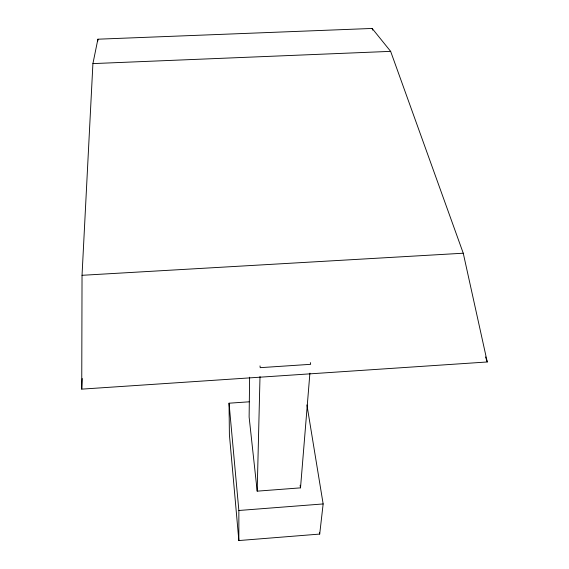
<?xml version="1.0" encoding="UTF-8"?>
<svg xmlns="http://www.w3.org/2000/svg" width="569" height="569" viewBox="0 0 569 569"><rect width="100%" height="100%" fill="white"/><g stroke="black" fill="none" stroke-linecap="round" stroke-linejoin="round"><path stroke-width="0.85" d="M306.933 404.922L323.149 503.942L319.707 534.078L238.852 540.55L238.859 510.485L229.037 403.201L249.329 401.799M81.737 389.132L82.036 275.304L92.918 63.6L97.896 39.197L372.154 28.45L390.64 51.359L463.258 253.219L487.263 361.976L81.737 389.132L82.228 378.506M249.627 377.211L249.122 417.049L257.188 491.154L300.51 487.861L309.906 373.15M257.188 491.154L260.005 376.55M97.811 40.968L97.896 39.197M238.859 510.485L323.149 503.942M82.036 275.304L463.258 253.219M92.918 63.6L390.64 51.359M372.154 28.45L372.738 30.129M485.521 356.934L487.263 361.976M310.325 362.588L310.631 364.324L260.225 367.666L260.005 365.91M319.429 532.335L319.707 534.078M300.126 485.229L300.51 487.861M238.852 540.55L229.399 434.659L229.037 403.201"/></g></svg>
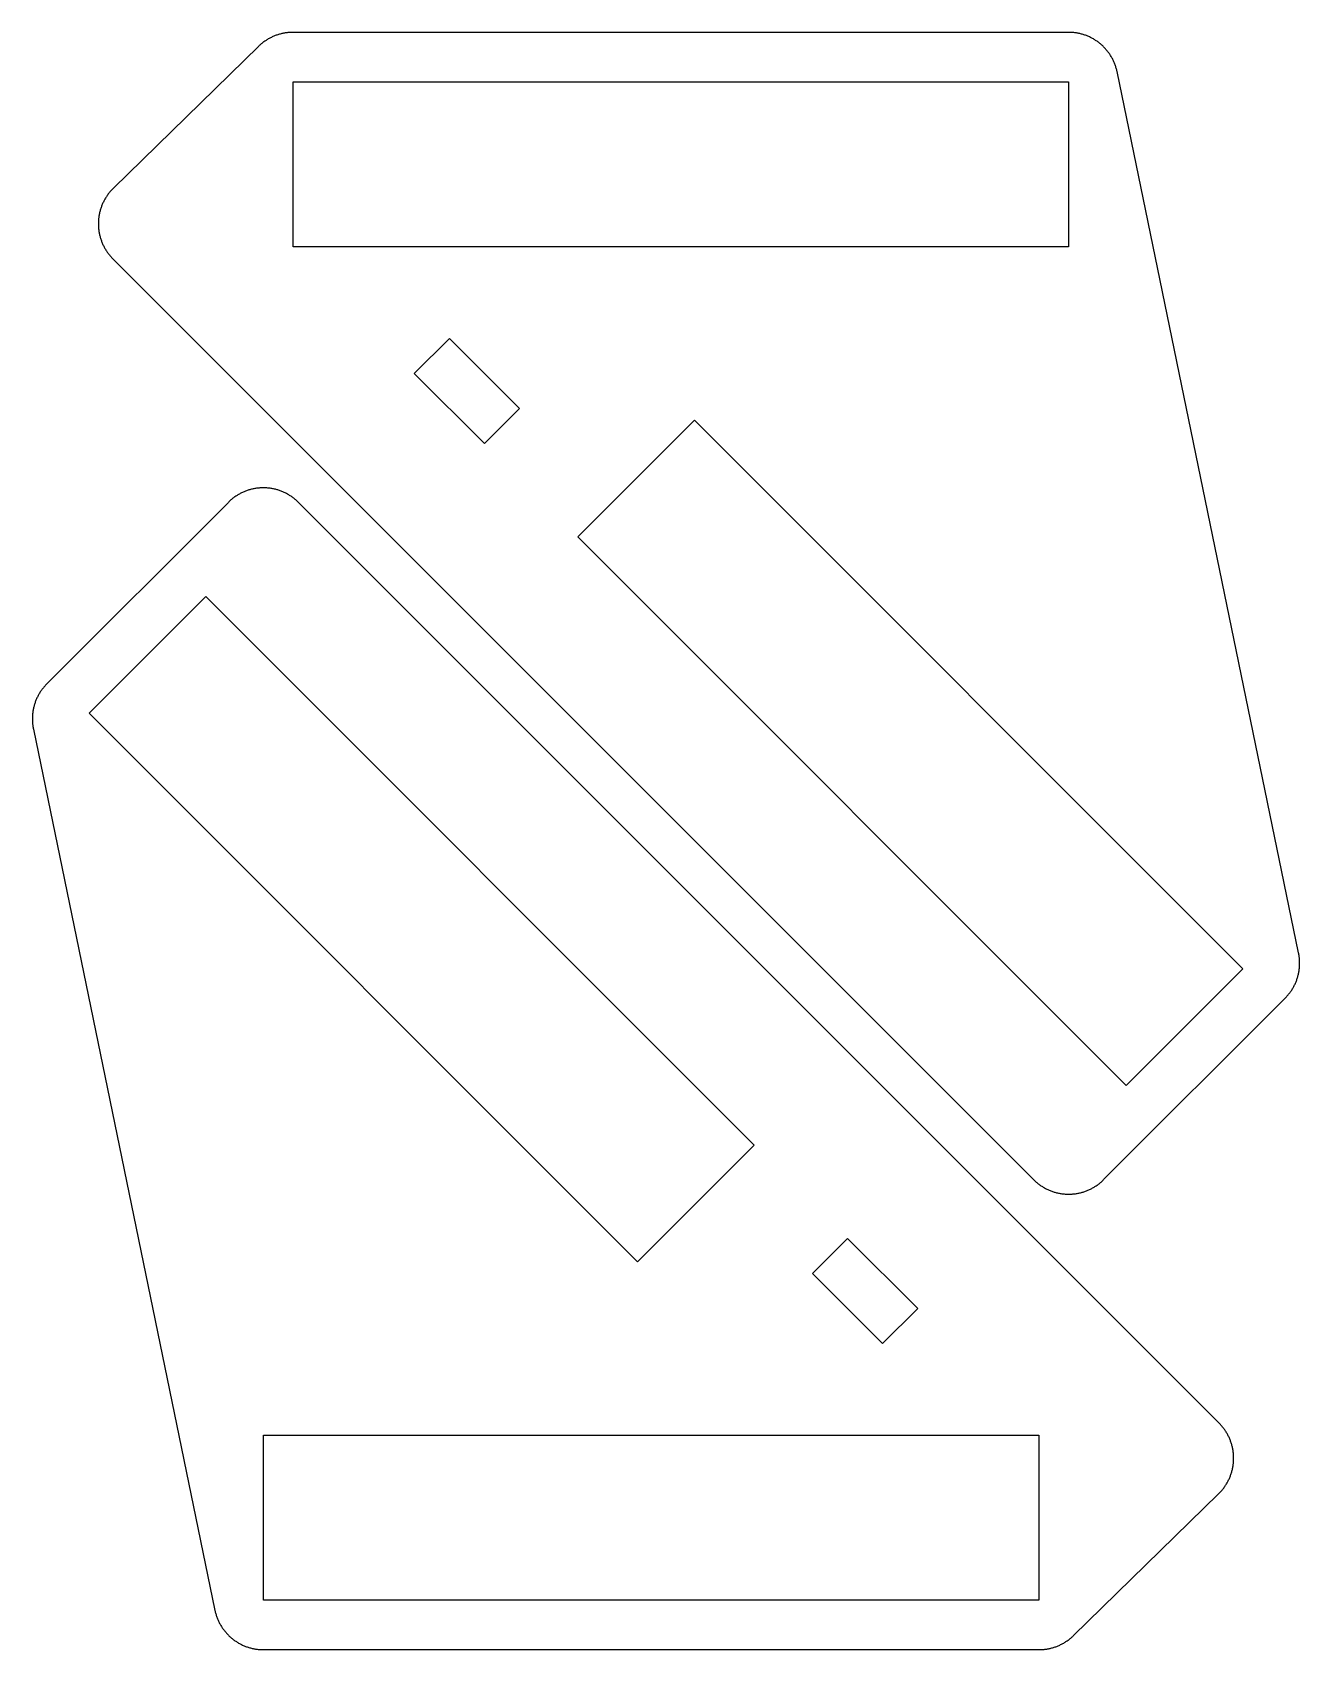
# Model space of a CAD drawing. Header units: metres. Extents: x 1.6 to 78.4, y -95 to 3.
import ezdxf

# ---------------------------------------------------------------- set-up
doc = ezdxf.new("R2010")
doc.units = ezdxf.units.M

msp = doc.modelspace()

# ---------------------------------------------------------------- linework, layer by layer
for p, q in [((16.8276, 2.94487), (16.7763, 2.93443)), ((16.879, 2.95442), (16.8276, 2.94487)), ((16.9307, 2.96306), (16.879, 2.95442)), ((16.9825, 2.97079), (16.9307, 2.96306)), ((17.0344, 2.97763), (16.9825, 2.97079)), ((17.0864, 2.98355), (17.0344, 2.97763)), ((17.1385, 2.98857), (17.0864, 2.98355)), ((17.1907, 2.99269), (17.1385, 2.98857)), ((17.243, 2.99588), (17.1907, 2.99269)), ((17.2953, 2.99817), (17.243, 2.99588)), ((17.3476, 2.99954), (17.2953, 2.99817)), ((17.4, 3), (17.3476, 2.99954)), ((64.4, 3), (17.4, 3)), ((64.4523, 2.99954), (64.4, 3)), ((64.5047, 2.99817), (64.4523, 2.99954)), ((64.557, 2.99588), (64.5047, 2.99817)), ((64.6093, 2.99269), (64.557, 2.99588)), ((64.6615, 2.98857), (64.6093, 2.99269)), ((64.7136, 2.98355), (64.6615, 2.98857)), ((64.7656, 2.97763), (64.7136, 2.98355)), ((64.8175, 2.97079), (64.7656, 2.97763)), ((64.8693, 2.96306), (64.8175, 2.97079)), ((64.9209, 2.95442), (64.8693, 2.96306)), ((64.9724, 2.94487), (64.9209, 2.95442)), ((65.0237, 2.93443), (64.9724, 2.94487)), ((15.316, 2.158), (6.51602, -6.44197)), ((15.354, 2.19405), (15.316, 2.158)), ((15.3926, 2.22943), (15.354, 2.19405)), ((15.4318, 2.26411), (15.3926, 2.22943)), ((15.4716, 2.29813), (15.4318, 2.26411)), ((15.512, 2.33144), (15.4716, 2.29813)), ((15.553, 2.36403), (15.512, 2.33144)), ((15.5945, 2.3959), (15.553, 2.36403)), ((15.6366, 2.42705), (15.5945, 2.3959)), ((15.6793, 2.45744), (15.6366, 2.42705)), ((15.7224, 2.48711), (15.6793, 2.45744)), ((15.7661, 2.51601), (15.7224, 2.48711)), ((15.8102, 2.54414), (15.7661, 2.51601)), ((15.8549, 2.57149), (15.8102, 2.54414)), ((15.9, 2.59807), (15.8549, 2.57149)), ((15.9456, 2.62386), (15.9, 2.59807)), ((15.9916, 2.64883), (15.9456, 2.62386)), ((16.038, 2.67302), (15.9916, 2.64883)), ((16.0849, 2.69638), (16.038, 2.67302)), ((16.1321, 2.71892), (16.0849, 2.69638)), ((16.1798, 2.74063), (16.1321, 2.71892)), ((16.2278, 2.76151), (16.1798, 2.74063)), ((16.2762, 2.78154), (16.2278, 2.76151)), ((16.3249, 2.80074), (16.2762, 2.78154)), ((16.3739, 2.81908), (16.3249, 2.80074)), ((16.4233, 2.83655), (16.3739, 2.81908)), ((16.4729, 2.85316), (16.4233, 2.83655)), ((16.5229, 2.86891), (16.4729, 2.85316)), ((16.5731, 2.88377), (16.5229, 2.86891)), ((16.6235, 2.89777), (16.5731, 2.88377)), ((16.6742, 2.91087), (16.6235, 2.89777)), ((16.7251, 2.9231), (16.6742, 2.91087)), ((16.7763, 2.93443), (16.7251, 2.9231)), ((65.0748, 2.9231), (65.0237, 2.93443)), ((65.1258, 2.91087), (65.0748, 2.9231)), ((65.1765, 2.89777), (65.1258, 2.91087)), ((65.2269, 2.88377), (65.1765, 2.89777)), ((65.2771, 2.86891), (65.2269, 2.88377)), ((65.327, 2.85316), (65.2771, 2.86891)), ((65.3767, 2.83655), (65.327, 2.85316)), ((65.4261, 2.81908), (65.3767, 2.83655)), ((65.4751, 2.80074), (65.4261, 2.81908)), ((65.5238, 2.78154), (65.4751, 2.80074)), ((65.5722, 2.76151), (65.5238, 2.78154)), ((65.6202, 2.74063), (65.5722, 2.76151)), ((65.6678, 2.71892), (65.6202, 2.74063)), ((65.7151, 2.69638), (65.6678, 2.71892)), ((65.762, 2.67302), (65.7151, 2.69638)), ((65.8084, 2.64883), (65.762, 2.67302)), ((65.8544, 2.62386), (65.8084, 2.64883)), ((65.9, 2.59807), (65.8544, 2.62386)), ((65.9451, 2.57149), (65.9, 2.59807)), ((65.9898, 2.54414), (65.9451, 2.57149)), ((66.0339, 2.51601), (65.9898, 2.54414)), ((66.0776, 2.48711), (66.0339, 2.51601)), ((66.1207, 2.45744), (66.0776, 2.48711)), ((66.1633, 2.42705), (66.1207, 2.45744)), ((66.2054, 2.3959), (66.1633, 2.42705)), ((66.247, 2.36403), (66.2054, 2.3959)), ((66.288, 2.33144), (66.247, 2.36403)), ((66.3284, 2.29813), (66.288, 2.33144)), ((66.3682, 2.26411), (66.3284, 2.29813)), ((66.4074, 2.22943), (66.3682, 2.26411)), ((66.446, 2.19405), (66.4074, 2.22943)), ((66.484, 2.158), (66.446, 2.19405)), ((66.5213, 2.12131), (66.484, 2.158)), ((66.558, 2.08397), (66.5213, 2.12131)), ((66.5941, 2.04599), (66.558, 2.08397)), ((66.6294, 2.00739), (66.5941, 2.04599)), ((66.6641, 1.96817), (66.6294, 2.00739)), ((66.6981, 1.92836), (66.6641, 1.96817)), ((66.7314, 1.88795), (66.6981, 1.92836)), ((66.764, 1.84697), (66.7314, 1.88795)), ((66.7959, 1.80544), (66.764, 1.84697)), ((66.827, 1.76335), (66.7959, 1.80544)), ((66.8575, 1.72072), (66.827, 1.76335)), ((66.8871, 1.67757), (66.8575, 1.72072)), ((66.916, 1.63391), (66.8871, 1.67757)), ((66.9441, 1.58975), (66.916, 1.63391)), ((66.9715, 1.5451), (66.9441, 1.58975)), ((66.9981, 1.5), (66.9715, 1.5451)), ((67.0238, 1.45442), (66.9981, 1.5)), ((67.0488, 1.4084), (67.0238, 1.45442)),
━━━━━━━━━━━━━━━━━━━━━━━━━━━━━━
THE PROBLEM
Set down the entries again without change. Leave the pictures out.

YOUR RESPONSE
<?xml version="1.0" encoding="UTF-8"?>
<svg xmlns="http://www.w3.org/2000/svg" width="569" height="569" viewBox="0 0 569 569"><rect width="100%" height="100%" fill="white"/><g stroke="black" fill="none" stroke-linecap="round" stroke-linejoin="round"><path stroke-width="0.85" d="M306.933 404.922L323.149 503.942L319.707 534.078L238.852 540.55L238.859 510.485L229.037 403.201L249.329 401.799M81.737 389.132L82.036 275.304L92.918 63.6L97.896 39.197L372.154 28.45L390.64 51.359L463.258 253.219L487.263 361.976L81.737 389.132L82.228 378.506M249.627 377.211L249.122 417.049L257.188 491.154L300.51 487.861L309.906 373.15M257.188 491.154L260.005 376.55M97.811 40.968L97.896 39.197M238.859 510.485L323.149 503.942M82.036 275.304L463.258 253.219M92.918 63.6L390.64 51.359M372.154 28.45L372.738 30.129M485.521 356.934L487.263 361.976M310.325 362.588L310.631 364.324L260.225 367.666L260.005 365.91M319.429 532.335L319.707 534.078M300.126 485.229L300.51 487.861M238.852 540.55L229.399 434.659L229.037 403.201"/></g></svg>
# Model space of a CAD drawing. Header units: metres. Extents: x 1.6 to 78.4, y -95 to 3.
import ezdxf

# ---------------------------------------------------------------- set-up
doc = ezdxf.new("R2010")
doc.units = ezdxf.units.M

msp = doc.modelspace()

# ---------------------------------------------------------------- linework, layer by layer
for p, q in [((16.8276, 2.94487), (16.7763, 2.93443)), ((16.879, 2.95442), (16.8276, 2.94487)), ((16.9307, 2.96306), (16.879, 2.95442)), ((16.9825, 2.97079), (16.9307, 2.96306)), ((17.0344, 2.97763), (16.9825, 2.97079)), ((17.0864, 2.98355), (17.0344, 2.97763)), ((17.1385, 2.98857), (17.0864, 2.98355)), ((17.1907, 2.99269), (17.1385, 2.98857)), ((17.243, 2.99588), (17.1907, 2.99269)), ((17.2953, 2.99817), (17.243, 2.99588)), ((17.3476, 2.99954), (17.2953, 2.99817)), ((17.4, 3), (17.3476, 2.99954)), ((64.4, 3), (17.4, 3)), ((64.4523, 2.99954), (64.4, 3)), ((64.5047, 2.99817), (64.4523, 2.99954)), ((64.557, 2.99588), (64.5047, 2.99817)), ((64.6093, 2.99269), (64.557, 2.99588)), ((64.6615, 2.98857), (64.6093, 2.99269)), ((64.7136, 2.98355), (64.6615, 2.98857)), ((64.7656, 2.97763), (64.7136, 2.98355)), ((64.8175, 2.97079), (64.7656, 2.97763)), ((64.8693, 2.96306), (64.8175, 2.97079)), ((64.9209, 2.95442), (64.8693, 2.96306)), ((64.9724, 2.94487), (64.9209, 2.95442)), ((65.0237, 2.93443), (64.9724, 2.94487)), ((15.316, 2.158), (6.51602, -6.44197)), ((15.354, 2.19405), (15.316, 2.158)), ((15.3926, 2.22943), (15.354, 2.19405)), ((15.4318, 2.26411), (15.3926, 2.22943)), ((15.4716, 2.29813), (15.4318, 2.26411)), ((15.512, 2.33144), (15.4716, 2.29813)), ((15.553, 2.36403), (15.512, 2.33144)), ((15.5945, 2.3959), (15.553, 2.36403)), ((15.6366, 2.42705), (15.5945, 2.3959)), ((15.6793, 2.45744), (15.6366, 2.42705)), ((15.7224, 2.48711), (15.6793, 2.45744)), ((15.7661, 2.51601), (15.7224, 2.48711)), ((15.8102, 2.54414), (15.7661, 2.51601)), ((15.8549, 2.57149), (15.8102, 2.54414)), ((15.9, 2.59807), (15.8549, 2.57149)), ((15.9456, 2.62386), (15.9, 2.59807)), ((15.9916, 2.64883), (15.9456, 2.62386)), ((16.038, 2.67302), (15.9916, 2.64883)), ((16.0849, 2.69638), (16.038, 2.67302)), ((16.1321, 2.71892), (16.0849, 2.69638)), ((16.1798, 2.74063), (16.1321, 2.71892)), ((16.2278, 2.76151), (16.1798, 2.74063)), ((16.2762, 2.78154), (16.2278, 2.76151)), ((16.3249, 2.80074), (16.2762, 2.78154)), ((16.3739, 2.81908), (16.3249, 2.80074)), ((16.4233, 2.83655), (16.3739, 2.81908)), ((16.4729, 2.85316), (16.4233, 2.83655)), ((16.5229, 2.86891), (16.4729, 2.85316)), ((16.5731, 2.88377), (16.5229, 2.86891)), ((16.6235, 2.89777), (16.5731, 2.88377)), ((16.6742, 2.91087), (16.6235, 2.89777)), ((16.7251, 2.9231), (16.6742, 2.91087)), ((16.7763, 2.93443), (16.7251, 2.9231)), ((65.0748, 2.9231), (65.0237, 2.93443)), ((65.1258, 2.91087), (65.0748, 2.9231)), ((65.1765, 2.89777), (65.1258, 2.91087)), ((65.2269, 2.88377), (65.1765, 2.89777)), ((65.2771, 2.86891), (65.2269, 2.88377)), ((65.327, 2.85316), (65.2771, 2.86891)), ((65.3767, 2.83655), (65.327, 2.85316)), ((65.4261, 2.81908), (65.3767, 2.83655)), ((65.4751, 2.80074), (65.4261, 2.81908)), ((65.5238, 2.78154), (65.4751, 2.80074)), ((65.5722, 2.76151), (65.5238, 2.78154)), ((65.6202, 2.74063), (65.5722, 2.76151)), ((65.6678, 2.71892), (65.6202, 2.74063)), ((65.7151, 2.69638), (65.6678, 2.71892)), ((65.762, 2.67302), (65.7151, 2.69638)), ((65.8084, 2.64883), (65.762, 2.67302)), ((65.8544, 2.62386), (65.8084, 2.64883)), ((65.9, 2.59807), (65.8544, 2.62386)), ((65.9451, 2.57149), (65.9, 2.59807)), ((65.9898, 2.54414), (65.9451, 2.57149)), ((66.0339, 2.51601), (65.9898, 2.54414)), ((66.0776, 2.48711), (66.0339, 2.51601)), ((66.1207, 2.45744), (66.0776, 2.48711)), ((66.1633, 2.42705), (66.1207, 2.45744)), ((66.2054, 2.3959), (66.1633, 2.42705)), ((66.247, 2.36403), (66.2054, 2.3959)), ((66.288, 2.33144), (66.247, 2.36403)), ((66.3284, 2.29813), (66.288, 2.33144)), ((66.3682, 2.26411), (66.3284, 2.29813)), ((66.4074, 2.22943), (66.3682, 2.26411)), ((66.446, 2.19405), (66.4074, 2.22943)), ((66.484, 2.158), (66.446, 2.19405)), ((66.5213, 2.12131), (66.484, 2.158)), ((66.558, 2.08397), (66.5213, 2.12131)), ((66.5941, 2.04599), (66.558, 2.08397)), ((66.6294, 2.00739), (66.5941, 2.04599)), ((66.6641, 1.96817), (66.6294, 2.00739)), ((66.6981, 1.92836), (66.6641, 1.96817)), ((66.7314, 1.88795), (66.6981, 1.92836)), ((66.764, 1.84697), (66.7314, 1.88795)), ((66.7959, 1.80544), (66.764, 1.84697)), ((66.827, 1.76335), (66.7959, 1.80544)), ((66.8575, 1.72072), (66.827, 1.76335)), ((66.8871, 1.67757), (66.8575, 1.72072)), ((66.916, 1.63391), (66.8871, 1.67757)), ((66.9441, 1.58975), (66.916, 1.63391)), ((66.9715, 1.5451), (66.9441, 1.58975)), ((66.9981, 1.5), (66.9715, 1.5451)), ((67.0238, 1.45442), (66.9981, 1.5)), ((67.0488, 1.4084), (67.0238, 1.45442)),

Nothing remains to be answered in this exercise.